» YOUR ASSIGNMENT
Extract from the entries below, exactly as given, only the lines from the line containing "Scope4 settings: ActiveDisplayYMinimum=-1" to the line containing "Step : Step", both lines included.

*** RAW DATA ***

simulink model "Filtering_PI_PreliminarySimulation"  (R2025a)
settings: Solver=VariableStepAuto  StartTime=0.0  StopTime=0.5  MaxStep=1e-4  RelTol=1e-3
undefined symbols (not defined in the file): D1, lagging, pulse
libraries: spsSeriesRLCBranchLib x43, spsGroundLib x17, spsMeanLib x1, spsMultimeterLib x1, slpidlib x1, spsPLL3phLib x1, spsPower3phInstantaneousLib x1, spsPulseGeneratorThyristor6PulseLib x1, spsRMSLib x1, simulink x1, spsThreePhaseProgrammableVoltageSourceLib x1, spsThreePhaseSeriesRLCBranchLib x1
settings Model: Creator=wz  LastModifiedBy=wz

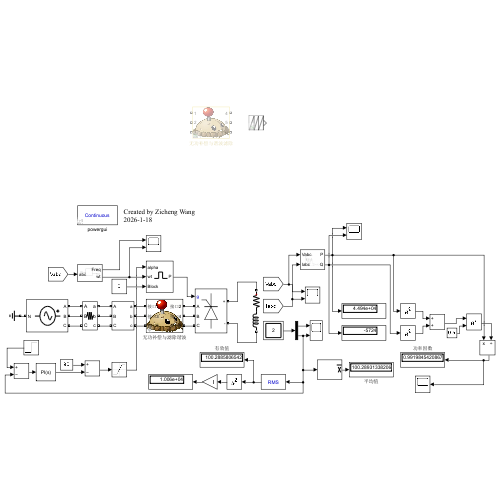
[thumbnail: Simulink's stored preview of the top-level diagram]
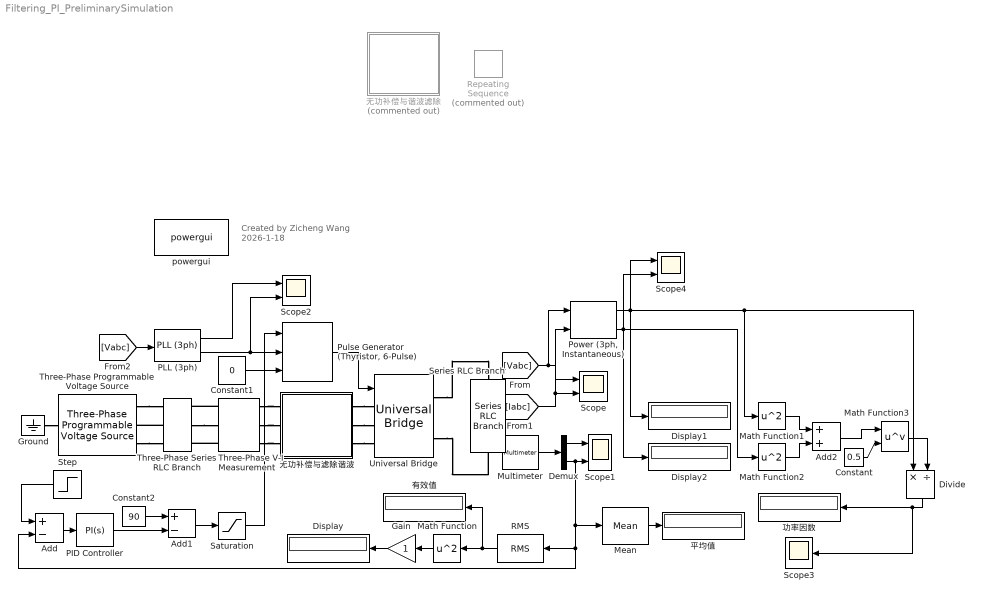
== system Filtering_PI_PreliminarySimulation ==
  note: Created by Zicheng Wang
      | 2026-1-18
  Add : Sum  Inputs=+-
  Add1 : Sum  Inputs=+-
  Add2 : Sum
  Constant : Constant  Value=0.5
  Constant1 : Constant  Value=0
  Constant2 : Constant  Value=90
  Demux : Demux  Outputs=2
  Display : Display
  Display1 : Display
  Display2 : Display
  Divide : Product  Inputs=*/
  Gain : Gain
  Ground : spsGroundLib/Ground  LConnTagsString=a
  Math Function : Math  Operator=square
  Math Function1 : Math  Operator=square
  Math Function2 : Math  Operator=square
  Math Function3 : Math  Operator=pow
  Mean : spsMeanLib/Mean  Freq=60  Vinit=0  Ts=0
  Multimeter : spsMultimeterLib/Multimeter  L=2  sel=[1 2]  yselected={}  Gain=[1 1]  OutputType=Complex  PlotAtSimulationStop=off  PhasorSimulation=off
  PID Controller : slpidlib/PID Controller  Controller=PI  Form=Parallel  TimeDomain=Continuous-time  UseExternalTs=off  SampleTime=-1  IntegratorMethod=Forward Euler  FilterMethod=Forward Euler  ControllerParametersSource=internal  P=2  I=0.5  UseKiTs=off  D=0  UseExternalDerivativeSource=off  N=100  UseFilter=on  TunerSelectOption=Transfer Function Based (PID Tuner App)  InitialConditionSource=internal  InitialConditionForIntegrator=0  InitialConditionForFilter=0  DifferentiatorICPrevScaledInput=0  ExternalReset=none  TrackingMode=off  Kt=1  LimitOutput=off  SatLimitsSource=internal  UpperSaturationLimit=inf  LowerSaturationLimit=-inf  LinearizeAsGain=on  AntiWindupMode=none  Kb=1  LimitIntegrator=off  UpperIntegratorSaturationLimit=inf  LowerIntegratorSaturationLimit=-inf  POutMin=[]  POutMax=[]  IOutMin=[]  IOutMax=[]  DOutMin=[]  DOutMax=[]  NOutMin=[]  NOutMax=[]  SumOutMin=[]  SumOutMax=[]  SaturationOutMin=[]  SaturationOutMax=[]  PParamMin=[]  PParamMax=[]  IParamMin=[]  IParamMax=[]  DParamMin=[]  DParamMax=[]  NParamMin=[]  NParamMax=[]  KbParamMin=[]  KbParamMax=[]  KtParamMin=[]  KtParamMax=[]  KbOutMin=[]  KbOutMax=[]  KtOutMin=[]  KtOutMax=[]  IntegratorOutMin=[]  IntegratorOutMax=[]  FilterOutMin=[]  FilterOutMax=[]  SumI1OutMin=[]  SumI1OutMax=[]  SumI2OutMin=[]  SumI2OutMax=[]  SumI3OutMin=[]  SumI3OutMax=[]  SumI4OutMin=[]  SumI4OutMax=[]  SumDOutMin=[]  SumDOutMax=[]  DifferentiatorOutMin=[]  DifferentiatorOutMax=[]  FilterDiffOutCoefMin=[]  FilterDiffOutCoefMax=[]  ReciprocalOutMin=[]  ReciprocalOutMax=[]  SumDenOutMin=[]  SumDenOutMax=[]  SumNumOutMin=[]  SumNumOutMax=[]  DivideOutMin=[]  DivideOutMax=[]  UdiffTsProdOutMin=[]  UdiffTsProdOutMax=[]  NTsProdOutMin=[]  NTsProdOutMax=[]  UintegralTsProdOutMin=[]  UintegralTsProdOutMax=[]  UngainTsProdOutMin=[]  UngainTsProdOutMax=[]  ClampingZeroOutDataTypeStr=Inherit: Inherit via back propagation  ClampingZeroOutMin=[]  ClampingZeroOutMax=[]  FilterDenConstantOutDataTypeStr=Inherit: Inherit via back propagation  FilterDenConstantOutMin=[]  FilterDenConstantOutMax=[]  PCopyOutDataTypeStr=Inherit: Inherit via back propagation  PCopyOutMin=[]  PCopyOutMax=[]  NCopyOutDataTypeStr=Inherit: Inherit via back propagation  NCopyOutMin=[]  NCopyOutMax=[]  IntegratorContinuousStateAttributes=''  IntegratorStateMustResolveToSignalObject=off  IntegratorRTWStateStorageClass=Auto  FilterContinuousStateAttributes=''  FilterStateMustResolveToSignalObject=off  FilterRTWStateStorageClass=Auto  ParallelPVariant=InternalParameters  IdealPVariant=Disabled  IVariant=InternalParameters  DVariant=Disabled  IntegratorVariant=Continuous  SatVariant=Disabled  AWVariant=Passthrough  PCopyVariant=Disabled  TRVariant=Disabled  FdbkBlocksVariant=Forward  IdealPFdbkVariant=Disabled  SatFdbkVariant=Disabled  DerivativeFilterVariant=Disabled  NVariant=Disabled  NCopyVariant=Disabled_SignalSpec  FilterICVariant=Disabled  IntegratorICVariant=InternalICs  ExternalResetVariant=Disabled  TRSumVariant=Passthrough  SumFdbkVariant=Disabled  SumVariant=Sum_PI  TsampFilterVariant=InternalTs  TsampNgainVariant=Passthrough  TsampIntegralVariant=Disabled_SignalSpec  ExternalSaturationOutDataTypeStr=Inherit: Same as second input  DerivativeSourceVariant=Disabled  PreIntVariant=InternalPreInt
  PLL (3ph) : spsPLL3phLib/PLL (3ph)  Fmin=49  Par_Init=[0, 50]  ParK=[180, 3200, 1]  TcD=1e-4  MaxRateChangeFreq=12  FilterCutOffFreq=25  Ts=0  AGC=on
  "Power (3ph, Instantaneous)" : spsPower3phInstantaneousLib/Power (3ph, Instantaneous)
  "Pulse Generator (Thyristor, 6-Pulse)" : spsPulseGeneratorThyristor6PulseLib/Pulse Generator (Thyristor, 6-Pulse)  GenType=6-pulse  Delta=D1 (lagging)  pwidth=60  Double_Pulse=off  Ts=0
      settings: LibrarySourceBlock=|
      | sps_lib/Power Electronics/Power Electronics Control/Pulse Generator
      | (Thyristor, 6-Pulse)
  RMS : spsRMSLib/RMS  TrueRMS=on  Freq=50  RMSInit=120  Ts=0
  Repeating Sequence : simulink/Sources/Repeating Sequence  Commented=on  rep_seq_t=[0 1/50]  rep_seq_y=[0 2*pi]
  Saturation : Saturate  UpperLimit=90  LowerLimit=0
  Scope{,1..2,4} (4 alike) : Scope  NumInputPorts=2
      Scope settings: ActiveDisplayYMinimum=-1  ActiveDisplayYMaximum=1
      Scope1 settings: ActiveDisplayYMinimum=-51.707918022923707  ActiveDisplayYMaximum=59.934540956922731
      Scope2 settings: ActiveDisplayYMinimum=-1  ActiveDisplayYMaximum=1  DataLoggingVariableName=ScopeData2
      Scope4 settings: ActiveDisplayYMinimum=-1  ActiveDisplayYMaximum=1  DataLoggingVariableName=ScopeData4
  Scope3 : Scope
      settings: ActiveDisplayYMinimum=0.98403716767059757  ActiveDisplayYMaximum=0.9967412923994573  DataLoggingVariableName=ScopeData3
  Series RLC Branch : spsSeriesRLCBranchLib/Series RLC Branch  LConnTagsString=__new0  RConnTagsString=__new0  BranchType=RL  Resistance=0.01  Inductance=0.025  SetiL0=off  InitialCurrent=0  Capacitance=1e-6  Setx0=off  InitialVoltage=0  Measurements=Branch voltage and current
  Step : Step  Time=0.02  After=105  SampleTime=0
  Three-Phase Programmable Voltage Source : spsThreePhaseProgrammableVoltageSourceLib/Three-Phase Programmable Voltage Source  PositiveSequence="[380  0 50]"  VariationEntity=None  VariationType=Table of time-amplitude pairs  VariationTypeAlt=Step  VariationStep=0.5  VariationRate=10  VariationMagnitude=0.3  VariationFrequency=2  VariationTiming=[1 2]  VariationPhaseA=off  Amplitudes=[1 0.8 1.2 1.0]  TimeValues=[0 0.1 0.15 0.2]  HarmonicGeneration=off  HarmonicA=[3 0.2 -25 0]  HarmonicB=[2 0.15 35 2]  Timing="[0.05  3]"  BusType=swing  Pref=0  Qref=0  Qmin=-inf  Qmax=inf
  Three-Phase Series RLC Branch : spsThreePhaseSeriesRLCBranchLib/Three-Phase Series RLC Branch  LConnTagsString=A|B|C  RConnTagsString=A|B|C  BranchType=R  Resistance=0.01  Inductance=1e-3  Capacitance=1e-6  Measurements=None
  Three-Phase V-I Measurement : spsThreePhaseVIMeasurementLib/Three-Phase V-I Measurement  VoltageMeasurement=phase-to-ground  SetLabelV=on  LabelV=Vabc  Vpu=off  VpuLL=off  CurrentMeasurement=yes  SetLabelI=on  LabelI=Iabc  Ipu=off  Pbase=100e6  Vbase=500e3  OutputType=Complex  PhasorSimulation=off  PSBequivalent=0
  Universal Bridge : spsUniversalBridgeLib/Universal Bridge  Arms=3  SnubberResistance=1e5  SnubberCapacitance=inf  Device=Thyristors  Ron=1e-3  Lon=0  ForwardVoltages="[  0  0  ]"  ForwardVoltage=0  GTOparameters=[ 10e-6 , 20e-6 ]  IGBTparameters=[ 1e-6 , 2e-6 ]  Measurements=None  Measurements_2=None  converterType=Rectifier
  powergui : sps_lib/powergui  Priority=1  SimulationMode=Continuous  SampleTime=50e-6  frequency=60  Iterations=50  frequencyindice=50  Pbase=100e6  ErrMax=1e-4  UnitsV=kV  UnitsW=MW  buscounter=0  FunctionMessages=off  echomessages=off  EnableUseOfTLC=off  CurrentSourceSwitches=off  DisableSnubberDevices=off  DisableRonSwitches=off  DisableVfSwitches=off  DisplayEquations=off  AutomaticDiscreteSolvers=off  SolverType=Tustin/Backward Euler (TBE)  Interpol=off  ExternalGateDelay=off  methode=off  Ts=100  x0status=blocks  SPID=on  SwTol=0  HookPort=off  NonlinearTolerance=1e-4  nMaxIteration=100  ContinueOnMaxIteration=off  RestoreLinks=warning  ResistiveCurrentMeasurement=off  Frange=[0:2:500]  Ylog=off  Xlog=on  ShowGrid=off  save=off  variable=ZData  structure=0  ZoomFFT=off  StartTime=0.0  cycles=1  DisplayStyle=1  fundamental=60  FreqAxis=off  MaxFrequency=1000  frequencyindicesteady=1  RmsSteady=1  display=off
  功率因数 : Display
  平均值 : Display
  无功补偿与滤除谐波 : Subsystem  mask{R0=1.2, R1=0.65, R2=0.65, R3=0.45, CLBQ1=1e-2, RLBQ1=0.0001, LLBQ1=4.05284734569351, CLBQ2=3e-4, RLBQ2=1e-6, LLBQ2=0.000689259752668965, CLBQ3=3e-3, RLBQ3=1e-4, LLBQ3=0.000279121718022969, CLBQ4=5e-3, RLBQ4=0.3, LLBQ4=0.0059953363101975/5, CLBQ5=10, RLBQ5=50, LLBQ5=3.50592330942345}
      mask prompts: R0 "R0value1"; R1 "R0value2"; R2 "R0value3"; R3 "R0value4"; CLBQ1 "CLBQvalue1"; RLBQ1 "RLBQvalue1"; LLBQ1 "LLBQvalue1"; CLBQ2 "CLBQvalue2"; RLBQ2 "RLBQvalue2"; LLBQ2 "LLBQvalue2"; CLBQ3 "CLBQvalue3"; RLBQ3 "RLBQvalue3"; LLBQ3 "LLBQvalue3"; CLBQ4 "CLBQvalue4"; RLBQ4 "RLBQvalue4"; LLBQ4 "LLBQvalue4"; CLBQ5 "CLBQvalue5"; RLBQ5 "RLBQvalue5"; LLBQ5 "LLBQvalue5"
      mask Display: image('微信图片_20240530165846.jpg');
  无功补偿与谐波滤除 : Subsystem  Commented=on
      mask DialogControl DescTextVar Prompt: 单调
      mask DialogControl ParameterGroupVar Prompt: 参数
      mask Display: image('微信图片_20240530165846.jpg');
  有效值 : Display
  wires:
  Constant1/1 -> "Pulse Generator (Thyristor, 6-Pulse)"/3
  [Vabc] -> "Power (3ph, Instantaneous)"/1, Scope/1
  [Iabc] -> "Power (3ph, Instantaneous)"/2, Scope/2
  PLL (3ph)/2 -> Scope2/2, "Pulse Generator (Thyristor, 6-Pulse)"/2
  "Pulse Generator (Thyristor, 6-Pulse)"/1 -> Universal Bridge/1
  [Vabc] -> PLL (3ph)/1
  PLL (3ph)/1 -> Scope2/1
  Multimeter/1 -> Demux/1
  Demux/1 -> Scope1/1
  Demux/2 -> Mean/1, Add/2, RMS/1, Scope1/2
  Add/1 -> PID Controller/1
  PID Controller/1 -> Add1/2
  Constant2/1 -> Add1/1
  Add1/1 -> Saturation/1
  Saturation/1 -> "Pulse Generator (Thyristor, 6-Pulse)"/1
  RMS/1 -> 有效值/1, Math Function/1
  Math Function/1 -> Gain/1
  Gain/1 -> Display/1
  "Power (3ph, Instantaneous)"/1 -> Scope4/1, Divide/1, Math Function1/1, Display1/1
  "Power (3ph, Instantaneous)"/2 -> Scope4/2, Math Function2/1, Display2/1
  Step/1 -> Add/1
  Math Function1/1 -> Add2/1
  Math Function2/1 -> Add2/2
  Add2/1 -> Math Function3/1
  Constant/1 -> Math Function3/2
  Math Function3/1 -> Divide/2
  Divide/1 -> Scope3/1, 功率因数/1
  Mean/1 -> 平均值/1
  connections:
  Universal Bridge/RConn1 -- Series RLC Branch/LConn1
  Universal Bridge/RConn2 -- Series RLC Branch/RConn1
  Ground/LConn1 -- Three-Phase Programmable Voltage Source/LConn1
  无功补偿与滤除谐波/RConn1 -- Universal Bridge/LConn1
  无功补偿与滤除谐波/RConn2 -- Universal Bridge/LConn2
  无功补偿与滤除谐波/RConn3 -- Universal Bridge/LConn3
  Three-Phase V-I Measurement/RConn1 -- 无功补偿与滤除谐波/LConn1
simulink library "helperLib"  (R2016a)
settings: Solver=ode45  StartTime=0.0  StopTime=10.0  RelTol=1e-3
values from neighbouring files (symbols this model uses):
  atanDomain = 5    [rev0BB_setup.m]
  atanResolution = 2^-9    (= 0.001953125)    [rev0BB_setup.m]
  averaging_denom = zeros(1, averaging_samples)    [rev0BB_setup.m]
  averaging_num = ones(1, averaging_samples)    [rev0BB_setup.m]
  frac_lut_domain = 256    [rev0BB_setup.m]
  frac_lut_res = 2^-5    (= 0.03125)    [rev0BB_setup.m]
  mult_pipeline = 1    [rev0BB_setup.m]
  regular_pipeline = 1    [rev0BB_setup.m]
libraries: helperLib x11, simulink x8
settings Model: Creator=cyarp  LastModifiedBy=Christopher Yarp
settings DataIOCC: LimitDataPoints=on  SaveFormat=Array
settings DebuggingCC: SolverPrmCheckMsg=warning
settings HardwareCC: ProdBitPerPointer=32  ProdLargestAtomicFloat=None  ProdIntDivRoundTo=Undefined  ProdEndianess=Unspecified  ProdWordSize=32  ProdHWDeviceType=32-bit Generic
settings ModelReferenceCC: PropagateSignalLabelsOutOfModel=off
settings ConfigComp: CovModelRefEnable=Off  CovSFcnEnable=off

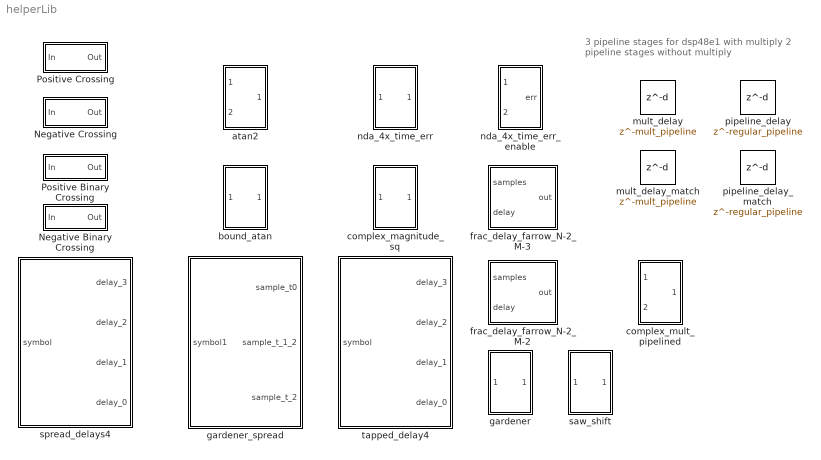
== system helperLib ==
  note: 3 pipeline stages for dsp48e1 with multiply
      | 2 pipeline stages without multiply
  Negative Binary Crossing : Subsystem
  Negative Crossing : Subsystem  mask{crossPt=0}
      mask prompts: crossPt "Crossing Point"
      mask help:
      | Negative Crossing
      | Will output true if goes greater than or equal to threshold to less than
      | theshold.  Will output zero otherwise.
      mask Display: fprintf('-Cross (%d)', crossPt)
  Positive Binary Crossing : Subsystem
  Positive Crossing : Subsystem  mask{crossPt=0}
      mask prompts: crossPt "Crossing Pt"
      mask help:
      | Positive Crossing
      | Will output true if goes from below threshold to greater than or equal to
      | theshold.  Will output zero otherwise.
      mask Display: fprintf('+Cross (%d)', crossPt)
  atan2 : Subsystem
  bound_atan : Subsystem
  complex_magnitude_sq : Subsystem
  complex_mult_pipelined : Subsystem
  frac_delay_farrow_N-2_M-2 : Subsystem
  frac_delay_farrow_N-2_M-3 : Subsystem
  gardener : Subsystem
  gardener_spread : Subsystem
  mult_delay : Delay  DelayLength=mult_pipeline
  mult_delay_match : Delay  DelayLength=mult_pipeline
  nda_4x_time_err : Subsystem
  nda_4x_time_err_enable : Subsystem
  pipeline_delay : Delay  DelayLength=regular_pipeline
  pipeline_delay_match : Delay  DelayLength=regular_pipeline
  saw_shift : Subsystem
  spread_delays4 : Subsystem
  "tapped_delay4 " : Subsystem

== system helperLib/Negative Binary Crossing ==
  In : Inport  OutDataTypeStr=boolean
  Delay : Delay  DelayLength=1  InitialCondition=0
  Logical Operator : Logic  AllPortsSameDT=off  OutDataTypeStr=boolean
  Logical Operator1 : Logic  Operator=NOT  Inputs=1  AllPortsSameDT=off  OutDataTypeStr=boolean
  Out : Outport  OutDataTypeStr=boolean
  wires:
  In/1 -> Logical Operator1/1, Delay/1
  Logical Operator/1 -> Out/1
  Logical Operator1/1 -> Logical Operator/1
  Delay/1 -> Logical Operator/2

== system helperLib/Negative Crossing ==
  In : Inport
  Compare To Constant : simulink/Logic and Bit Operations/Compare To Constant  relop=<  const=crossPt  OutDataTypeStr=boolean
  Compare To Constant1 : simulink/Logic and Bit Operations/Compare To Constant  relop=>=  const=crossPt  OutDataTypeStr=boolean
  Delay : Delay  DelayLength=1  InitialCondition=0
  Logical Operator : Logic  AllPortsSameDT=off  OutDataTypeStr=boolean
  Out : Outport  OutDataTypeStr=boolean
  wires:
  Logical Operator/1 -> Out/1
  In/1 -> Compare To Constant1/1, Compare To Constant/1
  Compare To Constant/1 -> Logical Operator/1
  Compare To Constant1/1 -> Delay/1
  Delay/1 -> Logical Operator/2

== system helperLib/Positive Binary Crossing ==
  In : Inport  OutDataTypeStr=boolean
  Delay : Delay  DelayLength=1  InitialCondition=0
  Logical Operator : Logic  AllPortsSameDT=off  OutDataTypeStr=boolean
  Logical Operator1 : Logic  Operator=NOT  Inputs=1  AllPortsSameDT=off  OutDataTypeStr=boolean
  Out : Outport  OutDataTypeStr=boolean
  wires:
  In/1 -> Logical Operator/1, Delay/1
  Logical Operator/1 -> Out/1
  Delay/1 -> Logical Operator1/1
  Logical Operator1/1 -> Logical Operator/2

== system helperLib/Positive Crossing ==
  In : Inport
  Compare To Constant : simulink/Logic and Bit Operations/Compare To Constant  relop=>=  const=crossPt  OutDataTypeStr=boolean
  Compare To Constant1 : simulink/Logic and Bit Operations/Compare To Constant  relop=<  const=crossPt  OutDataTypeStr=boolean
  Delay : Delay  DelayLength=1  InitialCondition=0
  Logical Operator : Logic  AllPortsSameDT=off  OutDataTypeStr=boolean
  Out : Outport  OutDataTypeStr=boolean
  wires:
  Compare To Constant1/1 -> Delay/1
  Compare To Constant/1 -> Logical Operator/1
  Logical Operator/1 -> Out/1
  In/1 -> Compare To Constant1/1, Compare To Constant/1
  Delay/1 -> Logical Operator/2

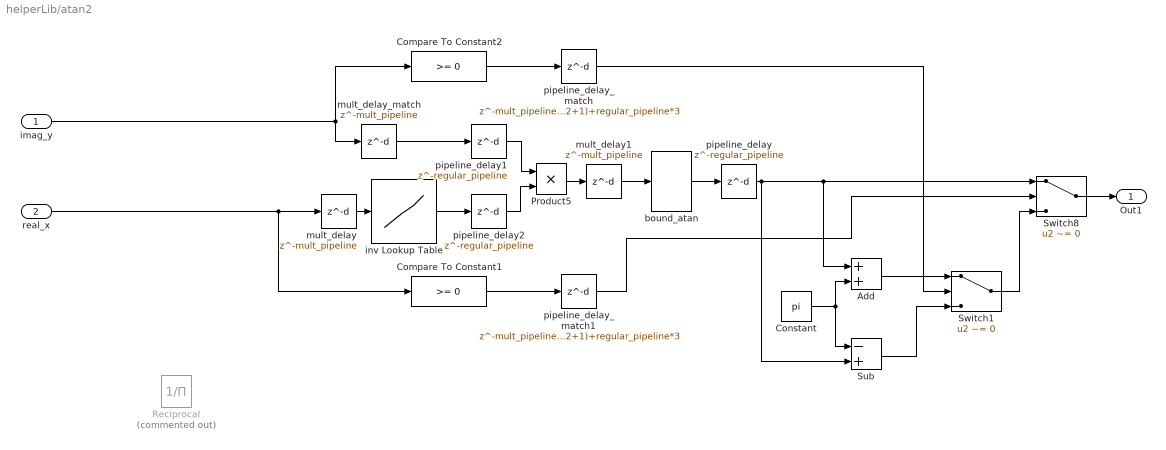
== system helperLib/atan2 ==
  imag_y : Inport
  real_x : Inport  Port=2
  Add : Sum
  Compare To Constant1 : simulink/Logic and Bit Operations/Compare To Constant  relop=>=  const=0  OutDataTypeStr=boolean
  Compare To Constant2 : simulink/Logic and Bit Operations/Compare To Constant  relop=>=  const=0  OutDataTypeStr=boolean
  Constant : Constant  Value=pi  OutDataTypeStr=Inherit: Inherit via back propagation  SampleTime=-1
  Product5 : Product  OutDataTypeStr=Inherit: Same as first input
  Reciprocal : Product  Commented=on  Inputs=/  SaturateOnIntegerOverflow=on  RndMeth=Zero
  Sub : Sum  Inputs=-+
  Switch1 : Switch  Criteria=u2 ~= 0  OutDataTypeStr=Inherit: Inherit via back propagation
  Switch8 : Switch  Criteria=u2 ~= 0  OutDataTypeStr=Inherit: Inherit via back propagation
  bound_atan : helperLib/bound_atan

*** End of RAW DATA ***

» TASK ANSWER
      Scope4 settings: ActiveDisplayYMinimum=-1  ActiveDisplayYMaximum=1  DataLoggingVariableName=ScopeData4
  Scope3 : Scope
      settings: ActiveDisplayYMinimum=0.98403716767059757  ActiveDisplayYMaximum=0.9967412923994573  DataLoggingVariableName=ScopeData3
  Series RLC Branch : spsSeriesRLCBranchLib/Series RLC Branch  LConnTagsString=__new0  RConnTagsString=__new0  BranchType=RL  Resistance=0.01  Inductance=0.025  SetiL0=off  InitialCurrent=0  Capacitance=1e-6  Setx0=off  InitialVoltage=0  Measurements=Branch voltage and current
  Step : Step  Time=0.02  After=105  SampleTime=0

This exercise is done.